▸ EXERCISE DESCRIPTION: From the listing below, retype exactly the line holding "#35=CARTESIAN_POINT('',(0.,0.,50.8));", the line holding "#52=CARTESIAN_POINT('',(0.,0.,0.));", and the lines between them; skip everything else.

▸ DATA PROVIDED:
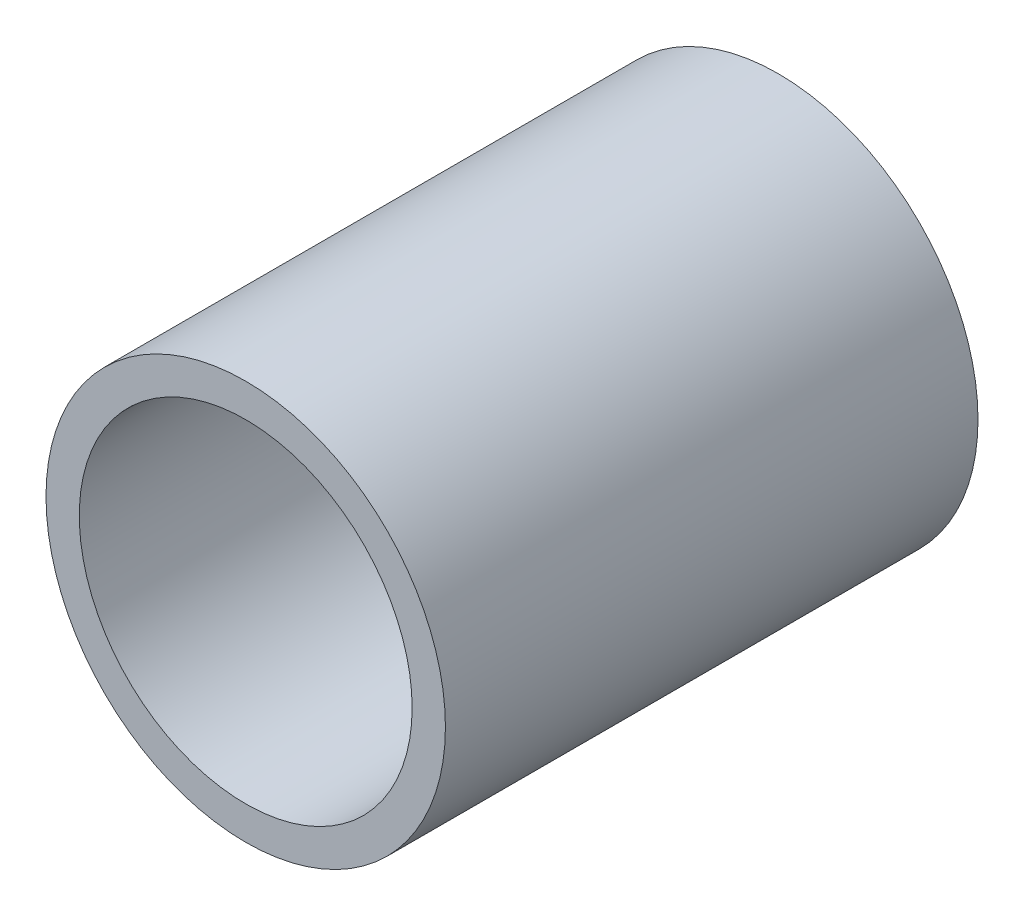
ISO-10303-21;
HEADER;
FILE_DESCRIPTION(('STEP AP214'),'2;1');
FILE_NAME('part.step','',(''),(''),'','','');
FILE_SCHEMA(('AUTOMOTIVE_DESIGN { 1 0 10303 214 1 1 1 1 }'));
ENDSEC;
DATA;
#1=APPLICATION_CONTEXT('core data for automotive mechanical design processes');
#2=APPLICATION_PROTOCOL_DEFINITION('international standard','automotive_design',2000,#1);
#3=PRODUCT_CONTEXT('',#1,'mechanical');
#4=PRODUCT('Part','Part','',(#3));
#5=PRODUCT_RELATED_PRODUCT_CATEGORY('part','',(#4));
#6=PRODUCT_DEFINITION_FORMATION('','',#4);
#7=PRODUCT_DEFINITION_CONTEXT('part definition',#1,'design');
#8=PRODUCT_DEFINITION('design','',#6,#7);
#9=PRODUCT_DEFINITION_SHAPE('','',#8);
#10=(LENGTH_UNIT() NAMED_UNIT(*) SI_UNIT(.MILLI.,.METRE.));
#11=(NAMED_UNIT(*) PLANE_ANGLE_UNIT() SI_UNIT($,.RADIAN.));
#12=(NAMED_UNIT(*) SI_UNIT($,.STERADIAN.) SOLID_ANGLE_UNIT());
#13=UNCERTAINTY_MEASURE_WITH_UNIT(LENGTH_MEASURE(1.E-05),#10,'distance_accuracy_value','');
#14=(GEOMETRIC_REPRESENTATION_CONTEXT(3) GLOBAL_UNCERTAINTY_ASSIGNED_CONTEXT((#13)) GLOBAL_UNIT_ASSIGNED_CONTEXT((#10,
#11,#12)) REPRESENTATION_CONTEXT('',''));
#15=CARTESIAN_POINT('',(0.,0.,0.));
#16=DIRECTION('',(0.,0.,1.));
#17=DIRECTION('',(1.,0.,0.));
#18=AXIS2_PLACEMENT_3D('',#15,#16,#17);
#19=CARTESIAN_POINT('',(0.,0.,50.8));
#20=DIRECTION('',(0.,0.,1.));
#21=DIRECTION('',(1.,0.,0.));
#22=AXIS2_PLACEMENT_3D('',#19,#20,#21);
#23=PLANE('',#22);
#24=CARTESIAN_POINT('',(0.,0.,50.8));
#25=DIRECTION('',(0.,0.,1.));
#26=DIRECTION('',(1.,0.,0.));
#27=AXIS2_PLACEMENT_3D('',#24,#25,#26);
#28=CIRCLE('',#27,19.05);
#29=CARTESIAN_POINT('',(19.05,0.,50.8));
#30=VERTEX_POINT('',#29);
#31=EDGE_CURVE('E10',#30,#30,#28,.T.);
#32=ORIENTED_EDGE('',*,*,#31,.T.);
#33=EDGE_LOOP('',(#32));
#34=FACE_BOUND('',#33,.T.);
#35=CARTESIAN_POINT('',(0.,0.,50.8));
#36=DIRECTION('',(0.,0.,1.));
#37=DIRECTION('',(1.,0.,0.));
#38=AXIS2_PLACEMENT_3D('',#35,#36,#37);
#39=CIRCLE('',#38,15.875);
#40=CARTESIAN_POINT('',(15.875,0.,50.8));
#41=VERTEX_POINT('',#40);
#42=EDGE_CURVE('E39',#41,#41,#39,.T.);
#43=ORIENTED_EDGE('',*,*,#42,.F.);
#44=EDGE_LOOP('',(#43));
#45=FACE_BOUND('',#44,.T.);
#46=ADVANCED_FACE('F28',(#34,#45),#23,.T.);
#47=CARTESIAN_POINT('',(0.,0.,0.));
#48=DIRECTION('',(0.,0.,1.));
#49=DIRECTION('',(1.,0.,0.));
#50=AXIS2_PLACEMENT_3D('',#47,#48,#49);
#51=PLANE('',#50);
#52=CARTESIAN_POINT('',(0.,0.,0.));
#53=DIRECTION('',(0.,0.,1.));
#54=DIRECTION('',(1.,0.,0.));
#55=AXIS2_PLACEMENT_3D('',#52,#53,#54);
#56=CIRCLE('',#55,19.05);
#57=CARTESIAN_POINT('',(19.05,0.,0.));
#58=VERTEX_POINT('',#57);
#59=EDGE_CURVE('E35',#58,#58,#56,.T.);
#60=ORIENTED_EDGE('',*,*,#59,.F.);
#61=EDGE_LOOP('',(#60));
#62=FACE_BOUND('',#61,.T.);
#63=CARTESIAN_POINT('',(0.,0.,0.));
#64=DIRECTION('',(0.,0.,1.));
#65=DIRECTION('',(1.,0.,0.));
#66=AXIS2_PLACEMENT_3D('',#63,#64,#65);
#67=CIRCLE('',#66,15.875);
#68=CARTESIAN_POINT('',(15.875,0.,0.));
#69=VERTEX_POINT('',#68);
#70=EDGE_CURVE('E43',#69,#69,#67,.T.);
#71=ORIENTED_EDGE('',*,*,#70,.T.);
#72=EDGE_LOOP('',(#71));
#73=FACE_BOUND('',#72,.T.);
#74=ADVANCED_FACE('F49',(#62,#73),#51,.F.);
#75=CARTESIAN_POINT('',(0.,0.,50.8));
#76=DIRECTION('',(0.,0.,-1.));
#77=DIRECTION('',(-1.,0.,0.));
#78=AXIS2_PLACEMENT_3D('',#75,#76,#77);
#79=CYLINDRICAL_SURFACE('',#78,19.05);
#80=ORIENTED_EDGE('',*,*,#31,.F.);
#81=EDGE_LOOP('',(#80));
#82=FACE_BOUND('',#81,.T.);
#83=ORIENTED_EDGE('',*,*,#59,.T.);
#84=EDGE_LOOP('',(#83));
#85=FACE_BOUND('',#84,.T.);
#86=ADVANCED_FACE('F30',(#82,#85),#79,.T.);
#87=CARTESIAN_POINT('',(0.,0.,50.8));
#88=DIRECTION('',(0.,0.,-1.));
#89=DIRECTION('',(-1.,0.,0.));
#90=AXIS2_PLACEMENT_3D('',#87,#88,#89);
#91=CYLINDRICAL_SURFACE('',#90,15.875);
#92=ORIENTED_EDGE('',*,*,#42,.T.);
#93=EDGE_LOOP('',(#92));
#94=FACE_BOUND('',#93,.T.);
#95=ORIENTED_EDGE('',*,*,#70,.F.);
#96=EDGE_LOOP('',(#95));
#97=FACE_BOUND('',#96,.T.);
#98=ADVANCED_FACE('F51',(#94,#97),#91,.F.);
#99=CLOSED_SHELL('',(#46,#74,#86,#98));
#100=MANIFOLD_SOLID_BREP('B2',#99);
#101=ADVANCED_BREP_SHAPE_REPRESENTATION('',(#18,#100),#14);
#102=SHAPE_DEFINITION_REPRESENTATION(#9,#101);
ENDSEC;
END-ISO-10303-21;

▸ OUTPUT:
#35=CARTESIAN_POINT('',(0.,0.,50.8));
#36=DIRECTION('',(0.,0.,1.));
#37=DIRECTION('',(1.,0.,0.));
#38=AXIS2_PLACEMENT_3D('',#35,#36,#37);
#39=CIRCLE('',#38,15.875);
#40=CARTESIAN_POINT('',(15.875,0.,50.8));
#41=VERTEX_POINT('',#40);
#42=EDGE_CURVE('E39',#41,#41,#39,.T.);
#43=ORIENTED_EDGE('',*,*,#42,.F.);
#44=EDGE_LOOP('',(#43));
#45=FACE_BOUND('',#44,.T.);
#46=ADVANCED_FACE('F28',(#34,#45),#23,.T.);
#47=CARTESIAN_POINT('',(0.,0.,0.));
#48=DIRECTION('',(0.,0.,1.));
#49=DIRECTION('',(1.,0.,0.));
#50=AXIS2_PLACEMENT_3D('',#47,#48,#49);
#51=PLANE('',#50);
#52=CARTESIAN_POINT('',(0.,0.,0.));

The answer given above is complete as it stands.